Exercise description ->
Set down exact lines only, from the line with "Ground/LConn1 -- Controlled" through the last line of the material below, with every picture left out.
--- START ---
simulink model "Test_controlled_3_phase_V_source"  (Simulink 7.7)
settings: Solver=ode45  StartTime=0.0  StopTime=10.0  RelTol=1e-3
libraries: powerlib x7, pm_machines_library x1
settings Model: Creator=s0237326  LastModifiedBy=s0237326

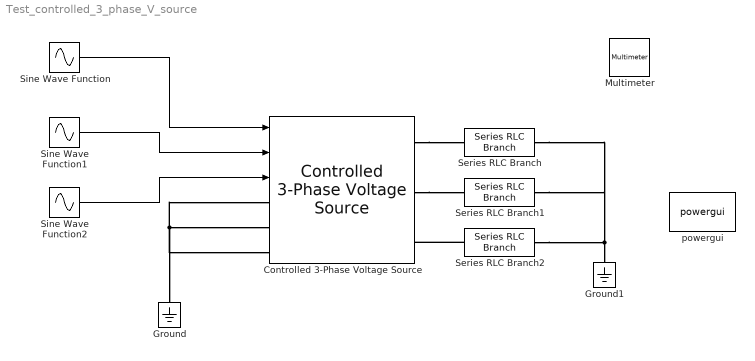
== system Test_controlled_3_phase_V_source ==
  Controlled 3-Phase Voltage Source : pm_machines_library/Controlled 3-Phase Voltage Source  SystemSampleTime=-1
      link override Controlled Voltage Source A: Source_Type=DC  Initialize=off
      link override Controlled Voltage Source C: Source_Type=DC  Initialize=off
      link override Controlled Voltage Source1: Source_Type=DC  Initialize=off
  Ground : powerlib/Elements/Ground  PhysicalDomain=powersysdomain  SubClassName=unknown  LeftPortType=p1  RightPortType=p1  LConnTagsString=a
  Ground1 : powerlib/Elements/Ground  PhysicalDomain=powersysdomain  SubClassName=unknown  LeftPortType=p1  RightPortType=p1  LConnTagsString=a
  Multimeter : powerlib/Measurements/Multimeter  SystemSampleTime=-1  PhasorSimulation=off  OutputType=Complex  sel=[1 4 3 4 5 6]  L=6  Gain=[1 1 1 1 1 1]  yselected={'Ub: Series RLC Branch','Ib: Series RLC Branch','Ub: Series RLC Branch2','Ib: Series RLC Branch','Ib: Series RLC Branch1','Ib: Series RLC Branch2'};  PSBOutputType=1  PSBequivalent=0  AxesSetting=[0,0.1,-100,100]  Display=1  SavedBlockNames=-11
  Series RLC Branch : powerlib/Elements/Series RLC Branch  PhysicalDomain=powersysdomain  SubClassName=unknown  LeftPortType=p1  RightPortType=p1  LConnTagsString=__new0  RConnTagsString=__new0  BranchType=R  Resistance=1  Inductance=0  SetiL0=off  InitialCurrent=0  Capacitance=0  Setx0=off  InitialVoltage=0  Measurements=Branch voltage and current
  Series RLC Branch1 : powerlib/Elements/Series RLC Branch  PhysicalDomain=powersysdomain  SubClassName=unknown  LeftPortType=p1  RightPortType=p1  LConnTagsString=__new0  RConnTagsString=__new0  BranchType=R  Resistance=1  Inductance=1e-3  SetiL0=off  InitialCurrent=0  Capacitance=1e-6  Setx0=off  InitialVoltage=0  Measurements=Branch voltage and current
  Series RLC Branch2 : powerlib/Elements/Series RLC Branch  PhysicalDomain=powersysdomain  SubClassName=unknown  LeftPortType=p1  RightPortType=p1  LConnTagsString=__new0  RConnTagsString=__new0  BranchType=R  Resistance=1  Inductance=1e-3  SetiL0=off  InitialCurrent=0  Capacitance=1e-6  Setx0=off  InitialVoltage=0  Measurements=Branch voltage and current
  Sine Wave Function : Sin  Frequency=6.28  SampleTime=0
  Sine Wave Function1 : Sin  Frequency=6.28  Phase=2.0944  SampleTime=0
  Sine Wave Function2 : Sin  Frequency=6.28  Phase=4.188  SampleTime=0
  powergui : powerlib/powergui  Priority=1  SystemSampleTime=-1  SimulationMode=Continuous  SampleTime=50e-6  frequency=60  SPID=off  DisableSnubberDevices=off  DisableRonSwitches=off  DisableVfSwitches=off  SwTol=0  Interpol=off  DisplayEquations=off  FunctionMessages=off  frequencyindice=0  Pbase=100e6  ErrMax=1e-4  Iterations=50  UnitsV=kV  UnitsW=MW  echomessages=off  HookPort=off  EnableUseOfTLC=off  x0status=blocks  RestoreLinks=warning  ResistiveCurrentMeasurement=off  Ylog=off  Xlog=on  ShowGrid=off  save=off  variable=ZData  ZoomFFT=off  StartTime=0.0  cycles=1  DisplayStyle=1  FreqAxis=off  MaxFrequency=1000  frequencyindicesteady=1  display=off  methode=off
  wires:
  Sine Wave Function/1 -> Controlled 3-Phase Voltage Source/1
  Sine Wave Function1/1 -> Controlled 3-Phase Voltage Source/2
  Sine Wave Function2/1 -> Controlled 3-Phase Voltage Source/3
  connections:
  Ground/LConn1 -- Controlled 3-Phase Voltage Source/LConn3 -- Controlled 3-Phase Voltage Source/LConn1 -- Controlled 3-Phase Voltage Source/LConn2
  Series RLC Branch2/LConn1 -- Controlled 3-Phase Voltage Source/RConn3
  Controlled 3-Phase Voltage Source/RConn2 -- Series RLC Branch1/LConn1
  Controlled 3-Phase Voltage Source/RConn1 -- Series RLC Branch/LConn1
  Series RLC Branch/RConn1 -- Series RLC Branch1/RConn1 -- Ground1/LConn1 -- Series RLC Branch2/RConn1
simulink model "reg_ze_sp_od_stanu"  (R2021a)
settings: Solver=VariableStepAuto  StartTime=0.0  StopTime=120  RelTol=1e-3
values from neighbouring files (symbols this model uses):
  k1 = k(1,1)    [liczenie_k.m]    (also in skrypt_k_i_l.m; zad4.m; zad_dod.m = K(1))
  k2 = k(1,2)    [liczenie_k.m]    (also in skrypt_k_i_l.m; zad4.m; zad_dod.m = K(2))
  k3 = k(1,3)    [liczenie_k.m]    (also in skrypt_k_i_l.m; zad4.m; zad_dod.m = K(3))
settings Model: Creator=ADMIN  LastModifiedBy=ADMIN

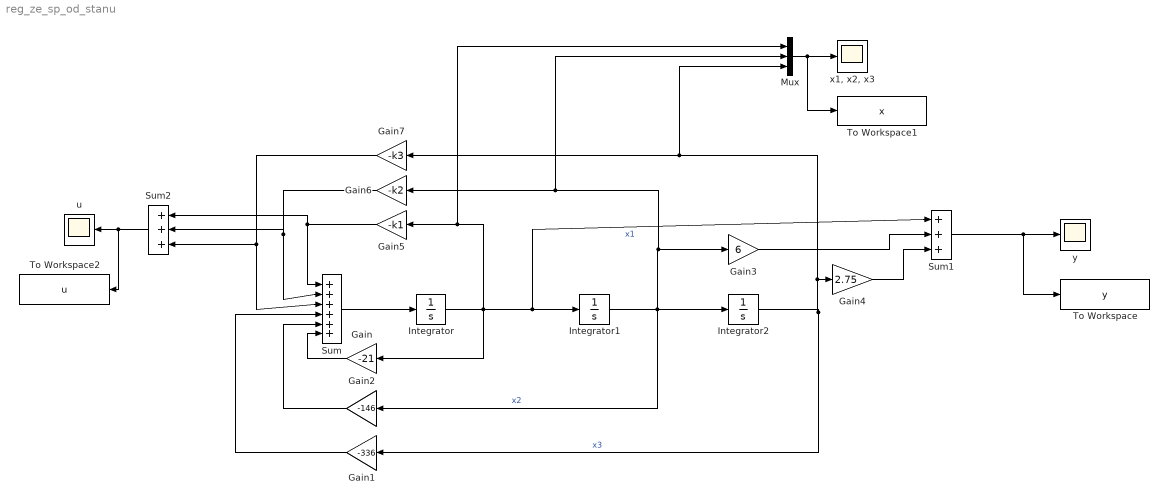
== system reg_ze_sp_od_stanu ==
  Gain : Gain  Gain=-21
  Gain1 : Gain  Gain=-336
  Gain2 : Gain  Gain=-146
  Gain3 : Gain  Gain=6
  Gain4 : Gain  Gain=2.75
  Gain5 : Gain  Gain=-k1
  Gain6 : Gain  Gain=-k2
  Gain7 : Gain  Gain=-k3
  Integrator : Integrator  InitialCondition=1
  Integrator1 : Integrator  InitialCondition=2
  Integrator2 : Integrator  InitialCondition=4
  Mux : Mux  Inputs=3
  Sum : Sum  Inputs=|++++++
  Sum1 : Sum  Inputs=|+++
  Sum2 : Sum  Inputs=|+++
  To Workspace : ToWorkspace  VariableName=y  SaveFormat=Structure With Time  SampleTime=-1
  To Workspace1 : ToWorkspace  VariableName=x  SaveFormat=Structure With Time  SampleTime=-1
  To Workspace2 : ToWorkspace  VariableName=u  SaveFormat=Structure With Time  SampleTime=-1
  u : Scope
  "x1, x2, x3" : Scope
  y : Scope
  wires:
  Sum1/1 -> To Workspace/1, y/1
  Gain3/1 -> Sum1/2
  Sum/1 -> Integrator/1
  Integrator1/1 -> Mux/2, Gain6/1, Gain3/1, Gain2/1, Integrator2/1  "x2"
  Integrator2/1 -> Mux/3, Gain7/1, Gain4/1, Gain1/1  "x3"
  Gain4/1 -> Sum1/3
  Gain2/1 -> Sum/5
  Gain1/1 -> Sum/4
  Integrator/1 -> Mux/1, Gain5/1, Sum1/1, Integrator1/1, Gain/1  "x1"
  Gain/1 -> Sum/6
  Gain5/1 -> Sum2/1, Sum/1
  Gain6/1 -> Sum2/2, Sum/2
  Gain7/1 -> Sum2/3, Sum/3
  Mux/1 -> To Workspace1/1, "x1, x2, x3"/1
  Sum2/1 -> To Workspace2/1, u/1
--- END ---
Task response ->
  Ground/LConn1 -- Controlled 3-Phase Voltage Source/LConn3 -- Controlled 3-Phase Voltage Source/LConn1 -- Controlled 3-Phase Voltage Source/LConn2
  Series RLC Branch2/LConn1 -- Controlled 3-Phase Voltage Source/RConn3
  Controlled 3-Phase Voltage Source/RConn2 -- Series RLC Branch1/LConn1
  Controlled 3-Phase Voltage Source/RConn1 -- Series RLC Branch/LConn1
  Series RLC Branch/RConn1 -- Series RLC Branch1/RConn1 -- Ground1/LConn1 -- Series RLC Branch2/RConn1
simulink model "reg_ze_sp_od_stanu"  (R2021a)
settings: Solver=VariableStepAuto  StartTime=0.0  StopTime=120  RelTol=1e-3
values from neighbouring files (symbols this model uses):
  k1 = k(1,1)    [liczenie_k.m]    (also in skrypt_k_i_l.m; zad4.m; zad_dod.m = K(1))
  k2 = k(1,2)    [liczenie_k.m]    (also in skrypt_k_i_l.m; zad4.m; zad_dod.m = K(2))
  k3 = k(1,3)    [liczenie_k.m]    (also in skrypt_k_i_l.m; zad4.m; zad_dod.m = K(3))
settings Model: Creator=ADMIN  LastModifiedBy=ADMIN

== system reg_ze_sp_od_stanu ==
  Gain : Gain  Gain=-21
  Gain1 : Gain  Gain=-336
  Gain2 : Gain  Gain=-146
  Gain3 : Gain  Gain=6
  Gain4 : Gain  Gain=2.75
  Gain5 : Gain  Gain=-k1
  Gain6 : Gain  Gain=-k2
  Gain7 : Gain  Gain=-k3
  Integrator : Integrator  InitialCondition=1
  Integrator1 : Integrator  InitialCondition=2
  Integrator2 : Integrator  InitialCondition=4
  Mux : Mux  Inputs=3
  Sum : Sum  Inputs=|++++++
  Sum1 : Sum  Inputs=|+++
  Sum2 : Sum  Inputs=|+++
  To Workspace : ToWorkspace  VariableName=y  SaveFormat=Structure With Time  SampleTime=-1
  To Workspace1 : ToWorkspace  VariableName=x  SaveFormat=Structure With Time  SampleTime=-1
  To Workspace2 : ToWorkspace  VariableName=u  SaveFormat=Structure With Time  SampleTime=-1
  u : Scope
  "x1, x2, x3" : Scope
  y : Scope
  wires:
  Sum1/1 -> To Workspace/1, y/1
  Gain3/1 -> Sum1/2
  Sum/1 -> Integrator/1
  Integrator1/1 -> Mux/2, Gain6/1, Gain3/1, Gain2/1, Integrator2/1  "x2"
  Integrator2/1 -> Mux/3, Gain7/1, Gain4/1, Gain1/1  "x3"
  Gain4/1 -> Sum1/3
  Gain2/1 -> Sum/5
  Gain1/1 -> Sum/4
  Integrator/1 -> Mux/1, Gain5/1, Sum1/1, Integrator1/1, Gain/1  "x1"
  Gain/1 -> Sum/6
  Gain5/1 -> Sum2/1, Sum/1
  Gain6/1 -> Sum2/2, Sum/2
  Gain7/1 -> Sum2/3, Sum/3
  Mux/1 -> To Workspace1/1, "x1, x2, x3"/1
  Sum2/1 -> To Workspace2/1, u/1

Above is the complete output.